■ About this exercise:
Go to the line containing "periodicCalcPwm : Subsystem" in the records below and print it and every following line exactly, on through the line containing "periodicFilterCurrent : Subsystem", then stop.

■ Excerpted records:
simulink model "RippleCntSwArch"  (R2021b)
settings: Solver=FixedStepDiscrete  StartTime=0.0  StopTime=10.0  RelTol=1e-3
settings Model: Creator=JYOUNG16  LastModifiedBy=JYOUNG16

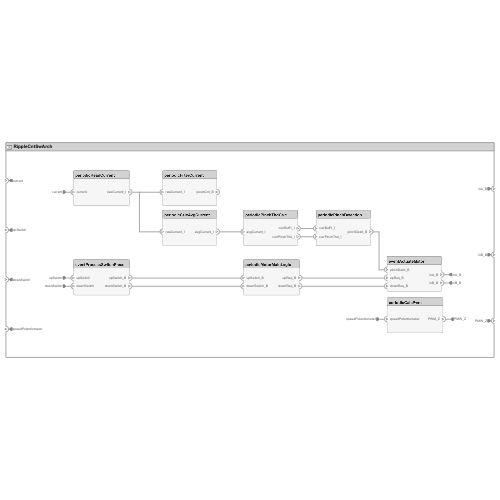
[thumbnail: Simulink's stored preview of the top-level diagram]
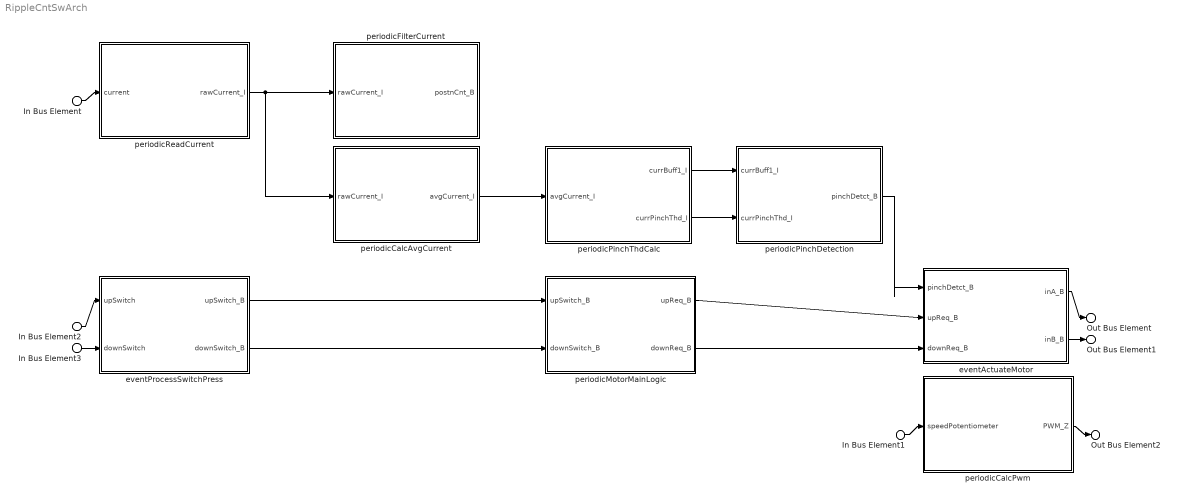
== system RippleCntSwArch ==
  In Bus Element : Inport  PortName=current
  In Bus Element2 : Inport  Port=2  PortName=upSwitch
  In Bus Element3 : Inport  Port=3  PortName=downSwitch
  In Bus Element1 : Inport  Port=4  PortName=speedPotentiometer
  eventActuateMotor : Subsystem
      settings: PortSchema="{\"entries\":[{\"content\":{\"headerSize\":26,\"margin\":15,\"minimumSpacing\":25,\"sides\":[{\"content\":{\"connectorIds\":[\"In1\",\"In2\",\"In3\"]},\"type\":\"ConnectorPlacement.EquallySpacedRectSide\",\"uuid\":\"e90e293d-51f3-41d3-acba-cceb8fcb60e2\"},{\"content\":{\"connectorIds\":[\"Out1\",\"Out2\"],\"side\":\"RIGHT\"},\"type\":\"ConnectorPlacement.EquallySpacedRectSide\",\"uuid\":\"67eac8de-18f9-484b-9c44-0eefaf548d79\"},{\"content\":{\"connectorIds\":[],\"side\":\"TOP\"},\"type\":\"ConnectorPlacement.EquallySpacedRectSide\",\"uuid\":\"4158b683-0d0e-4b89-b83e-901791eae0e7\"}]},\"type\":\"ConnectorPlacement.EquallySpacedConnector\",\"uuid\":\"58e86cb2-f041-4342-8ce6-994764ef79de\"}],\"packageUris\":[\"http://schema.mathworks.com/mf0/Connector/R2020b\"],\"version\":\"1.0\"}"
  eventProcessSwitchPress : Subsystem
      settings: PortSchema="{\"entries\":[{\"content\":{\"headerSize\":26,\"margin\":15,\"minimumSpacing\":25,\"sides\":[{\"content\":{\"connectorIds\":[\"In1\",\"In2\"]},\"type\":\"ConnectorPlacement.EquallySpacedRectSide\",\"uuid\":\"e90e293d-51f3-41d3-acba-cceb8fcb60e2\"},{\"content\":{\"connectorIds\":[\"Out1\",\"Out2\"],\"side\":\"RIGHT\"},\"type\":\"ConnectorPlacement.EquallySpacedRectSide\",\"uuid\":\"67eac8de-18f9-484b-9c44-0eefaf548d79\"},{\"content\":{\"connectorIds\":[],\"side\":\"TOP\"},\"type\":\"ConnectorPlacement.EquallySpacedRectSide\",\"uuid\":\"4158b683-0d0e-4b89-b83e-901791eae0e7\"}]},\"type\":\"ConnectorPlacement.EquallySpacedConnector\",\"uuid\":\"58e86cb2-f041-4342-8ce6-994764ef79de\"}],\"packageUris\":[\"http://schema.mathworks.com/mf0/Connector/R2020b\"],\"version\":\"1.0\"}"
  periodicCalcAvgCurrent : Subsystem
      settings: PortSchema="{\"entries\":[{\"content\":{\"headerSize\":26,\"margin\":15,\"minimumSpacing\":25,\"sides\":[{\"content\":{\"connectorIds\":[\"In1\"]},\"type\":\"ConnectorPlacement.EquallySpacedRectSide\",\"uuid\":\"e90e293d-51f3-41d3-acba-cceb8fcb60e2\"},{\"content\":{\"connectorIds\":[\"Out1\"],\"side\":\"RIGHT\"},\"type\":\"ConnectorPlacement.EquallySpacedRectSide\",\"uuid\":\"67eac8de-18f9-484b-9c44-0eefaf548d79\"},{\"content\":{\"connectorIds\":[],\"side\":\"TOP\"},\"type\":\"ConnectorPlacement.EquallySpacedRectSide\",\"uuid\":\"4158b683-0d0e-4b89-b83e-901791eae0e7\"}]},\"type\":\"ConnectorPlacement.EquallySpacedConnector\",\"uuid\":\"58e86cb2-f041-4342-8ce6-994764ef79de\"}],\"packageUris\":[\"http://schema.mathworks.com/mf0/Connector/R2020b\"],\"version\":\"1.0\"}"
  periodicCalcPwm : Subsystem
      settings: PortSchema="{\"entries\":[{\"content\":{\"headerSize\":26,\"margin\":15,\"minimumSpacing\":25,\"sides\":[{\"content\":{\"connectorIds\":[\"In1\"]},\"type\":\"ConnectorPlacement.EquallySpacedRectSide\",\"uuid\":\"e90e293d-51f3-41d3-acba-cceb8fcb60e2\"},{\"content\":{\"connectorIds\":[\"Out1\"],\"side\":\"RIGHT\"},\"type\":\"ConnectorPlacement.EquallySpacedRectSide\",\"uuid\":\"67eac8de-18f9-484b-9c44-0eefaf548d79\"},{\"content\":{\"connectorIds\":[],\"side\":\"TOP\"},\"type\":\"ConnectorPlacement.EquallySpacedRectSide\",\"uuid\":\"4158b683-0d0e-4b89-b83e-901791eae0e7\"}]},\"type\":\"ConnectorPlacement.EquallySpacedConnector\",\"uuid\":\"58e86cb2-f041-4342-8ce6-994764ef79de\"}],\"packageUris\":[\"http://schema.mathworks.com/mf0/Connector/R2020b\"],\"version\":\"1.0\"}"
  periodicFilterCurrent : Subsystem
      settings: PortSchema="{\"entries\":[{\"content\":{\"headerSize\":26,\"margin\":15,\"minimumSpacing\":25,\"sides\":[{\"content\":{\"connectorIds\":[\"In1\"]},\"type\":\"ConnectorPlacement.EquallySpacedRectSide\",\"uuid\":\"e90e293d-51f3-41d3-acba-cceb8fcb60e2\"},{\"content\":{\"connectorIds\":[\"Out1\"],\"side\":\"RIGHT\"},\"type\":\"ConnectorPlacement.EquallySpacedRectSide\",\"uuid\":\"67eac8de-18f9-484b-9c44-0eefaf548d79\"},{\"content\":{\"connectorIds\":[],\"side\":\"TOP\"},\"type\":\"ConnectorPlacement.EquallySpacedRectSide\",\"uuid\":\"4158b683-0d0e-4b89-b83e-901791eae0e7\"}]},\"type\":\"ConnectorPlacement.EquallySpacedConnector\",\"uuid\":\"58e86cb2-f041-4342-8ce6-994764ef79de\"}],\"packageUris\":[\"http://schema.mathworks.com/mf0/Connector/R2020b\"],\"version\":\"1.0\"}"
  periodicMotorMainLogic : Subsystem
      settings: PortSchema="{\"entries\":[{\"content\":{\"headerSize\":26,\"margin\":15,\"minimumSpacing\":25,\"sides\":[{\"content\":{\"connectorIds\":[\"In1\",\"In2\"]},\"type\":\"ConnectorPlacement.EquallySpacedRectSide\",\"uuid\":\"e90e293d-51f3-41d3-acba-cceb8fcb60e2\"},{\"content\":{\"connectorIds\":[\"Out1\",\"Out2\"],\"side\":\"RIGHT\"},\"type\":\"ConnectorPlacement.EquallySpacedRectSide\",\"uuid\":\"67eac8de-18f9-484b-9c44-0eefaf548d79\"},{\"content\":{\"connectorIds\":[],\"side\":\"TOP\"},\"type\":\"ConnectorPlacement.EquallySpacedRectSide\",\"uuid\":\"4158b683-0d0e-4b89-b83e-901791eae0e7\"}]},\"type\":\"ConnectorPlacement.EquallySpacedConnector\",\"uuid\":\"58e86cb2-f041-4342-8ce6-994764ef79de\"}],\"packageUris\":[\"http://schema.mathworks.com/mf0/Connector/R2020b\"],\"version\":\"1.0\"}"
  periodicPinchDetection : Subsystem
      settings: PortSchema="{\"entries\":[{\"content\":{\"headerSize\":26,\"margin\":15,\"minimumSpacing\":25,\"sides\":[{\"content\":{\"connectorIds\":[\"In1\",\"In2\"]},\"type\":\"ConnectorPlacement.EquallySpacedRectSide\",\"uuid\":\"e90e293d-51f3-41d3-acba-cceb8fcb60e2\"},{\"content\":{\"connectorIds\":[\"Out1\"],\"side\":\"RIGHT\"},\"type\":\"ConnectorPlacement.EquallySpacedRectSide\",\"uuid\":\"67eac8de-18f9-484b-9c44-0eefaf548d79\"},{\"content\":{\"connectorIds\":[],\"side\":\"TOP\"},\"type\":\"ConnectorPlacement.EquallySpacedRectSide\",\"uuid\":\"4158b683-0d0e-4b89-b83e-901791eae0e7\"}]},\"type\":\"ConnectorPlacement.EquallySpacedConnector\",\"uuid\":\"58e86cb2-f041-4342-8ce6-994764ef79de\"}],\"packageUris\":[\"http://schema.mathworks.com/mf0/Connector/R2020b\"],\"version\":\"1.0\"}"
  periodicPinchThdCalc : Subsystem
      settings: PortSchema="{\"entries\":[{\"content\":{\"headerSize\":26,\"margin\":15,\"minimumSpacing\":25,\"sides\":[{\"content\":{\"connectorIds\":[\"In1\"]},\"type\":\"ConnectorPlacement.EquallySpacedRectSide\",\"uuid\":\"e90e293d-51f3-41d3-acba-cceb8fcb60e2\"},{\"content\":{\"connectorIds\":[\"Out1\",\"Out2\"],\"side\":\"RIGHT\"},\"type\":\"ConnectorPlacement.EquallySpacedRectSide\",\"uuid\":\"67eac8de-18f9-484b-9c44-0eefaf548d79\"},{\"content\":{\"connectorIds\":[],\"side\":\"TOP\"},\"type\":\"ConnectorPlacement.EquallySpacedRectSide\",\"uuid\":\"4158b683-0d0e-4b89-b83e-901791eae0e7\"}]},\"type\":\"ConnectorPlacement.EquallySpacedConnector\",\"uuid\":\"58e86cb2-f041-4342-8ce6-994764ef79de\"}],\"packageUris\":[\"http://schema.mathworks.com/mf0/Connector/R2020b\"],\"version\":\"1.0\"}"
  periodicReadCurrent : Subsystem
      settings: PortSchema="{\"entries\":[{\"content\":{\"headerSize\":26,\"margin\":15,\"minimumSpacing\":25,\"sides\":[{\"content\":{\"connectorIds\":[\"In1\"]},\"type\":\"ConnectorPlacement.EquallySpacedRectSide\",\"uuid\":\"e90e293d-51f3-41d3-acba-cceb8fcb60e2\"},{\"content\":{\"connectorIds\":[\"Out1\"],\"side\":\"RIGHT\"},\"type\":\"ConnectorPlacement.EquallySpacedRectSide\",\"uuid\":\"67eac8de-18f9-484b-9c44-0eefaf548d79\"},{\"content\":{\"connectorIds\":[],\"side\":\"TOP\"},\"type\":\"ConnectorPlacement.EquallySpacedRectSide\",\"uuid\":\"4158b683-0d0e-4b89-b83e-901791eae0e7\"}]},\"type\":\"ConnectorPlacement.EquallySpacedConnector\",\"uuid\":\"58e86cb2-f041-4342-8ce6-994764ef79de\"}],\"packageUris\":[\"http://schema.mathworks.com/mf0/Connector/R2020b\"],\"version\":\"1.0\"}"
  Out Bus Element : Outport  PortName=inA_B
  Out Bus Element1 : Outport  Port=2  PortName=inB_B
  Out Bus Element2 : Outport  Port=3  PortName=PMW_Z
  wires:
  periodicReadCurrent/1(rawCurrent_I) -> periodicCalcAvgCurrent/1(rawCurrent_I), periodicFilterCurrent/1(rawCurrent_I)
  periodicMotorMainLogic/1(upReq_B) -> eventActuateMotor/2(upReq_B)
  periodicMotorMainLogic/2(downReq_B) -> eventActuateMotor/3(downReq_B)
  periodicCalcAvgCurrent/1(avgCurrent_I) -> periodicPinchThdCalc/1(avgCurrent_I)
  eventActuateMotor/1(inA_B) -> Out Bus Element/1
  eventActuateMotor/2(inB_B) -> Out Bus Element1/1
  periodicCalcPwm/1(PWM_Z) -> Out Bus Element2/1
  periodicPinchThdCalc/1(currBuff1_I) -> periodicPinchDetection/1(currBuff1_I)
  periodicPinchThdCalc/2(currPinchThd_I) -> periodicPinchDetection/2(currPinchThd_I)
  periodicPinchDetection/1(pinchDetct_B) -> eventActuateMotor/1(pinchDetct_B)
  In Bus Element/1 -> periodicReadCurrent/1(current)
  In Bus Element2/1 -> eventProcessSwitchPress/1(upSwitch)
  In Bus Element3/1 -> eventProcessSwitchPress/2(downSwitch)
  In Bus Element1/1 -> periodicCalcPwm/1(speedPotentiometer)
  eventProcessSwitchPress/1(upSwitch_B) -> periodicMotorMainLogic/1(upSwitch_B)
  eventProcessSwitchPress/2(downSwitch_B) -> periodicMotorMainLogic/2(downSwitch_B)

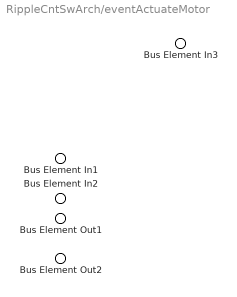
== system RippleCntSwArch/eventActuateMotor ==
  Bus Element In3 : Inport  PortName=pinchDetct_B
  Bus Element In1 : Inport  Port=2  PortName=upReq_B
  Bus Element In2 : Inport  Port=3  PortName=downReq_B
  Bus Element Out1 : Outport  PortName=inA_B
  Bus Element Out2 : Outport  Port=2  PortName=inB_B

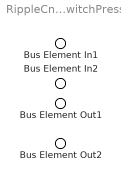
== system RippleCntSwArch/eventProcessSwitchPress ==
  Bus Element In1 : Inport  PortName=upSwitch
  Bus Element In2 : Inport  Port=2  PortName=downSwitch
  Bus Element Out1 : Outport  PortName=upSwitch_B
  Bus Element Out2 : Outport  Port=2  PortName=downSwitch_B

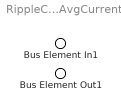
== system RippleCntSwArch/periodicCalcAvgCurrent ==
  Bus Element In1 : Inport  PortName=rawCurrent_I
  Bus Element Out1 : Outport  PortName=avgCurrent_I

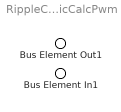
== system RippleCntSwArch/periodicCalcPwm ==
  Bus Element In1 : Inport  PortName=speedPotentiometer
  Bus Element Out1 : Outport  PortName=PWM_Z

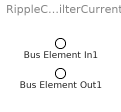
== system RippleCntSwArch/periodicFilterCurrent ==
  Bus Element In1 : Inport  PortName=rawCurrent_I
  Bus Element Out1 : Outport  PortName=postnCnt_B

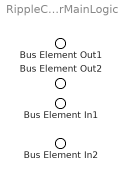
== system RippleCntSwArch/periodicMotorMainLogic ==
  Bus Element In1 : Inport  PortName=upSwitch_B
  Bus Element In2 : Inport  Port=2  PortName=downSwitch_B
  Bus Element Out1 : Outport  PortName=upReq_B
  Bus Element Out2 : Outport  Port=2  PortName=downReq_B

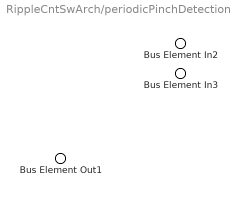
== system RippleCntSwArch/periodicPinchDetection ==
  Bus Element In2 : Inport  PortName=currBuff1_I
  Bus Element In3 : Inport  Port=2  PortName=currPinchThd_I
  Bus Element Out1 : Outport  PortName=pinchDetct_B

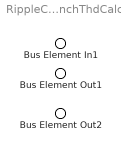
== system RippleCntSwArch/periodicPinchThdCalc ==
  Bus Element In1 : Inport  PortName=avgCurrent_I
  Bus Element Out1 : Outport  PortName=currBuff1_I
  Bus Element Out2 : Outport  Port=2  PortName=currPinchThd_I

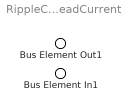
== system RippleCntSwArch/periodicReadCurrent ==
  Bus Element In1 : Inport  PortName=current
  Bus Element Out1 : Outport  PortName=rawCurrent_I

■ Expected answer:
  periodicCalcPwm : Subsystem
      settings: PortSchema="{\"entries\":[{\"content\":{\"headerSize\":26,\"margin\":15,\"minimumSpacing\":25,\"sides\":[{\"content\":{\"connectorIds\":[\"In1\"]},\"type\":\"ConnectorPlacement.EquallySpacedRectSide\",\"uuid\":\"e90e293d-51f3-41d3-acba-cceb8fcb60e2\"},{\"content\":{\"connectorIds\":[\"Out1\"],\"side\":\"RIGHT\"},\"type\":\"ConnectorPlacement.EquallySpacedRectSide\",\"uuid\":\"67eac8de-18f9-484b-9c44-0eefaf548d79\"},{\"content\":{\"connectorIds\":[],\"side\":\"TOP\"},\"type\":\"ConnectorPlacement.EquallySpacedRectSide\",\"uuid\":\"4158b683-0d0e-4b89-b83e-901791eae0e7\"}]},\"type\":\"ConnectorPlacement.EquallySpacedConnector\",\"uuid\":\"58e86cb2-f041-4342-8ce6-994764ef79de\"}],\"packageUris\":[\"http://schema.mathworks.com/mf0/Connector/R2020b\"],\"version\":\"1.0\"}"
  periodicFilterCurrent : Subsystem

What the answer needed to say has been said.